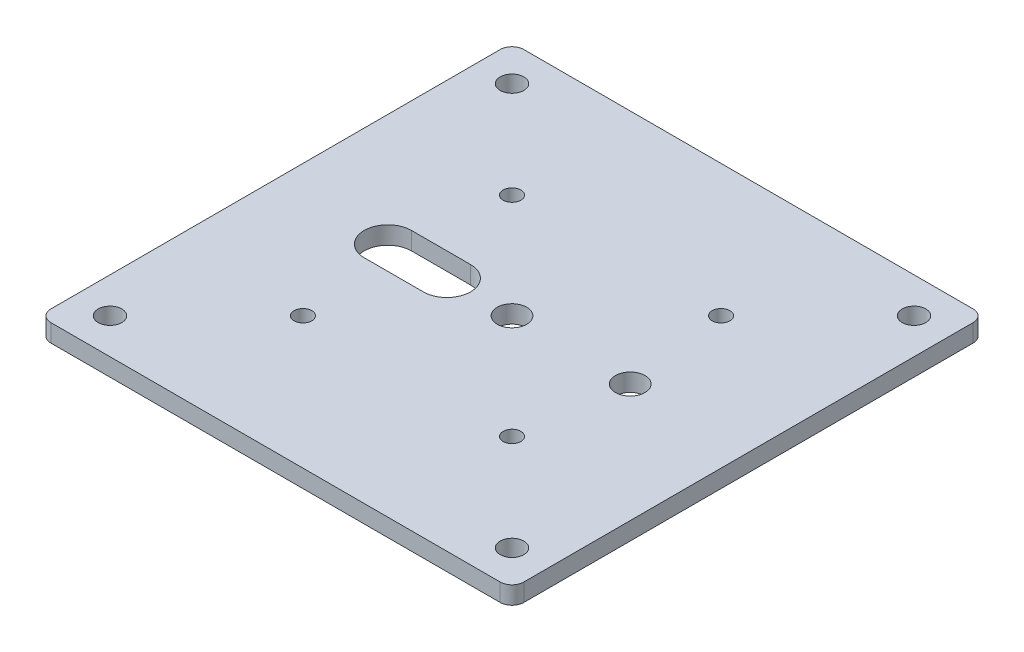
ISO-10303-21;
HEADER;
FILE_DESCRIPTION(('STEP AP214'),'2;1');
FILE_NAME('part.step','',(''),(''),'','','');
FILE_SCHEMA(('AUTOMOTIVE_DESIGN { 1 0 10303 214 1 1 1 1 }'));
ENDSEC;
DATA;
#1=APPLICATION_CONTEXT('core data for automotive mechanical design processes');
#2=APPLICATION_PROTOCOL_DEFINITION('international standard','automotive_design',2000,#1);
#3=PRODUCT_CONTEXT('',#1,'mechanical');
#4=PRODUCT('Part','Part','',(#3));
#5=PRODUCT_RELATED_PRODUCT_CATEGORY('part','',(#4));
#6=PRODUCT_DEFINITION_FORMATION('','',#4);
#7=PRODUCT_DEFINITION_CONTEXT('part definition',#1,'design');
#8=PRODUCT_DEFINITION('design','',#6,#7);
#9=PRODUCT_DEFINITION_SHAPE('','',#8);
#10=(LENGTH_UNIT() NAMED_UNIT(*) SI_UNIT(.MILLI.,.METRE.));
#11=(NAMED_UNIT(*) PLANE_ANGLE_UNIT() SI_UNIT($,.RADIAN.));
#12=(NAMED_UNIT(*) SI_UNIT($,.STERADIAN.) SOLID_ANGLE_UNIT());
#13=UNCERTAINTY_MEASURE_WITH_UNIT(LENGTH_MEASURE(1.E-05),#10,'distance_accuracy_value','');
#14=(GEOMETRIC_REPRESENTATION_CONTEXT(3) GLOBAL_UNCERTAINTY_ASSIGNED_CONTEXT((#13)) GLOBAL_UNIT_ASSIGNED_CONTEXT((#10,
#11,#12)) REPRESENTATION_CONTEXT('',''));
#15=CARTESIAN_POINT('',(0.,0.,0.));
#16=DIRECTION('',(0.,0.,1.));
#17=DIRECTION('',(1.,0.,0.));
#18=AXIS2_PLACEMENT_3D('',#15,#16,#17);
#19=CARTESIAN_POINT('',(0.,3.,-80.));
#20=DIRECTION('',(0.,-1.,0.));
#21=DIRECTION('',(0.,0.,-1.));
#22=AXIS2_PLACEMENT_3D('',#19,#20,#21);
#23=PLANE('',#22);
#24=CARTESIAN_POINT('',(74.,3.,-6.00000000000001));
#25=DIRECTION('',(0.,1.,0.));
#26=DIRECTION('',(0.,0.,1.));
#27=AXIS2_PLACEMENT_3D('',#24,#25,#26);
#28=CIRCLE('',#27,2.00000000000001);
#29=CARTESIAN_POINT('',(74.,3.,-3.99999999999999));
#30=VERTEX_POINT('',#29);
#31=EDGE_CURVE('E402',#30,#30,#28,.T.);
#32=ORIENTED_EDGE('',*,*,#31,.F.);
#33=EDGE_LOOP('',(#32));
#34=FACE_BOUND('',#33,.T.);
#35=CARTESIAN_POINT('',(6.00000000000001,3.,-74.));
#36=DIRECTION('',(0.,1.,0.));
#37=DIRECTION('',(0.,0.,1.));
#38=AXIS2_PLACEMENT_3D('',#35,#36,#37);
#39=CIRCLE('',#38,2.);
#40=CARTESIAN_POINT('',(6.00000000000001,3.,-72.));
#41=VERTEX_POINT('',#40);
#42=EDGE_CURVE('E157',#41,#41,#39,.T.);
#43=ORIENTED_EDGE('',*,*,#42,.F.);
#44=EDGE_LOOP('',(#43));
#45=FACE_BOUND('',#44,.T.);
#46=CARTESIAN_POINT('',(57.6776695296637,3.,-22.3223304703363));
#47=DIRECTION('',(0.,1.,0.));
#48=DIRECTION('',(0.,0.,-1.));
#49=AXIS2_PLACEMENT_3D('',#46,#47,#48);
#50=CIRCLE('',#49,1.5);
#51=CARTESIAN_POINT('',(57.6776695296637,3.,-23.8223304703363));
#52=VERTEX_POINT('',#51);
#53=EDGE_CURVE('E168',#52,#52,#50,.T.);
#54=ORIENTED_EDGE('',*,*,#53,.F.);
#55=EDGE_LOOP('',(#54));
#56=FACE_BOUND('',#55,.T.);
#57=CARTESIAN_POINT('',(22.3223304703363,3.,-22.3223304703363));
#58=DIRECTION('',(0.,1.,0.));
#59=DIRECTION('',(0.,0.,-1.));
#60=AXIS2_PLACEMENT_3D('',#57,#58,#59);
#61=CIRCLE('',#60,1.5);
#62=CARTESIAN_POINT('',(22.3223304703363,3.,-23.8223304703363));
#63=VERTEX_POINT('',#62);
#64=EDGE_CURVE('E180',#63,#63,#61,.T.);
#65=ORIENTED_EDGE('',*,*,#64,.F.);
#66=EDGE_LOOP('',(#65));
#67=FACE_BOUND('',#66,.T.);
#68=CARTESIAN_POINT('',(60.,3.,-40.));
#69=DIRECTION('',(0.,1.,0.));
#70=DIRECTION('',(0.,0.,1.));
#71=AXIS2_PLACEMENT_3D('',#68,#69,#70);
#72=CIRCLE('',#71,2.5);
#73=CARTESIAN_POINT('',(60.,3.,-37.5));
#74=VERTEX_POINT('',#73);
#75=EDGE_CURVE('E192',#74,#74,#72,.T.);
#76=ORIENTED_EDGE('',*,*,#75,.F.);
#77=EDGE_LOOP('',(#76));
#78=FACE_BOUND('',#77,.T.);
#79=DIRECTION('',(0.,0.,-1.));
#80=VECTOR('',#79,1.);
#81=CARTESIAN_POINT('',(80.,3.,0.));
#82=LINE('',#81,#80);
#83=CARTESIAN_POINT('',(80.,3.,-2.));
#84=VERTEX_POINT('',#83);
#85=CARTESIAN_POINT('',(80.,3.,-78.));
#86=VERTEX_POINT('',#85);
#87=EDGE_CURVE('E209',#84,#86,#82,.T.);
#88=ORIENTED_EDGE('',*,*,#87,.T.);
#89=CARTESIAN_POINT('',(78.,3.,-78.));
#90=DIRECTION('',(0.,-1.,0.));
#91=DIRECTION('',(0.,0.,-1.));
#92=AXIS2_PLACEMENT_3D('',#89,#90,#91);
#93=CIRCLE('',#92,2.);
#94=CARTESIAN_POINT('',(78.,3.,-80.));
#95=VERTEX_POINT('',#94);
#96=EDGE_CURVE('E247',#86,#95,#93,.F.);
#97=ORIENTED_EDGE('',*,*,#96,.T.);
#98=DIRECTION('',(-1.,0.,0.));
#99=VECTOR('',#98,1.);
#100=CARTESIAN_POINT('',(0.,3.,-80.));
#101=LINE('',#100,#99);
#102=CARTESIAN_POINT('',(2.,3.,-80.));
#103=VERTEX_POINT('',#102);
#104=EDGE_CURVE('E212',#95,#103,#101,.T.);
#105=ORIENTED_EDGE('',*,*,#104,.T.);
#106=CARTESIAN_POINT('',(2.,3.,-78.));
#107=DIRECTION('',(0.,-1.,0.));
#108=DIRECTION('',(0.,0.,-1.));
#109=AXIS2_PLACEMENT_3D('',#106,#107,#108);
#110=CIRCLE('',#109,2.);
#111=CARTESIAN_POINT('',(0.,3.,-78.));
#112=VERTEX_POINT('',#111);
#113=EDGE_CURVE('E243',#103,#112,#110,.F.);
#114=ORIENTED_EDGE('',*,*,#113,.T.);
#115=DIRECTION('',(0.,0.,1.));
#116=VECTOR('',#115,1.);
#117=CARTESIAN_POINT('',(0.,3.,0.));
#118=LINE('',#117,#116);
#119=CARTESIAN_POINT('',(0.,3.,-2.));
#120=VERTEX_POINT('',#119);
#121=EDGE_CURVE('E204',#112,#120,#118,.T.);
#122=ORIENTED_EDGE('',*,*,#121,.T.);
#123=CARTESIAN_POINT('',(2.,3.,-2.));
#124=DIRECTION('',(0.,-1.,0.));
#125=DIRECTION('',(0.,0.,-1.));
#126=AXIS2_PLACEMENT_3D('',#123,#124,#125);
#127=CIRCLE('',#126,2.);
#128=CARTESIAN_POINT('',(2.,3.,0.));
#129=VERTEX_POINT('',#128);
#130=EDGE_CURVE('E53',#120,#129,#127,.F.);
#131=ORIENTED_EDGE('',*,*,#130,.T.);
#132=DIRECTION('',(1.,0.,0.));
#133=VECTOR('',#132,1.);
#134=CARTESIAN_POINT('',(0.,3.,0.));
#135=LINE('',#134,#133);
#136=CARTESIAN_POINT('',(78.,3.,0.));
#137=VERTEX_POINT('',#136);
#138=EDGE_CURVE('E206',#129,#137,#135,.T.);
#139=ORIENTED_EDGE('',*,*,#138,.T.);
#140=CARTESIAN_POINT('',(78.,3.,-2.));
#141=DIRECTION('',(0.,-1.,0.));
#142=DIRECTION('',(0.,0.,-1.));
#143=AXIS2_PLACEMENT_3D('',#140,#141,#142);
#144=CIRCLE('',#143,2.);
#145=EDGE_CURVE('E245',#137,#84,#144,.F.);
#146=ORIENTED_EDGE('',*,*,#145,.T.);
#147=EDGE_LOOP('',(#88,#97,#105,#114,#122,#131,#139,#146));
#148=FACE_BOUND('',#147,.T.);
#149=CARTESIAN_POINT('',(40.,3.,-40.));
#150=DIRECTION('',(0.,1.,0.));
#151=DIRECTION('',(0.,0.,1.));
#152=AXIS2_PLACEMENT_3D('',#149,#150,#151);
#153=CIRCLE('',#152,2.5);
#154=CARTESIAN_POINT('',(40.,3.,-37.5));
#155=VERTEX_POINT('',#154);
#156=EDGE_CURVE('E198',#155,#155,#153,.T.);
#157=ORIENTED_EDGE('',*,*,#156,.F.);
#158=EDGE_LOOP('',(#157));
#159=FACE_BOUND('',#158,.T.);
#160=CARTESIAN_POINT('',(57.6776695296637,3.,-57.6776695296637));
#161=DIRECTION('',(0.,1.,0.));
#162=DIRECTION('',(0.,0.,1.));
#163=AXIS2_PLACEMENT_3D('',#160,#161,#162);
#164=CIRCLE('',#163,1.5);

§ §

▶ _What you need to do_:
Among the records above, extract exactly the lines from the line with "#79=DIRECTION('',(0.,0.,-1.));" to the line with "#107=DIRECTION('',(0.,-1.,0.));", both lines included, and leave out the rest.

▶ _Task output_:
#79=DIRECTION('',(0.,0.,-1.));
#80=VECTOR('',#79,1.);
#81=CARTESIAN_POINT('',(80.,3.,0.));
#82=LINE('',#81,#80);
#83=CARTESIAN_POINT('',(80.,3.,-2.));
#84=VERTEX_POINT('',#83);
#85=CARTESIAN_POINT('',(80.,3.,-78.));
#86=VERTEX_POINT('',#85);
#87=EDGE_CURVE('E209',#84,#86,#82,.T.);
#88=ORIENTED_EDGE('',*,*,#87,.T.);
#89=CARTESIAN_POINT('',(78.,3.,-78.));
#90=DIRECTION('',(0.,-1.,0.));
#91=DIRECTION('',(0.,0.,-1.));
#92=AXIS2_PLACEMENT_3D('',#89,#90,#91);
#93=CIRCLE('',#92,2.);
#94=CARTESIAN_POINT('',(78.,3.,-80.));
#95=VERTEX_POINT('',#94);
#96=EDGE_CURVE('E247',#86,#95,#93,.F.);
#97=ORIENTED_EDGE('',*,*,#96,.T.);
#98=DIRECTION('',(-1.,0.,0.));
#99=VECTOR('',#98,1.);
#100=CARTESIAN_POINT('',(0.,3.,-80.));
#101=LINE('',#100,#99);
#102=CARTESIAN_POINT('',(2.,3.,-80.));
#103=VERTEX_POINT('',#102);
#104=EDGE_CURVE('E212',#95,#103,#101,.T.);
#105=ORIENTED_EDGE('',*,*,#104,.T.);
#106=CARTESIAN_POINT('',(2.,3.,-78.));
#107=DIRECTION('',(0.,-1.,0.));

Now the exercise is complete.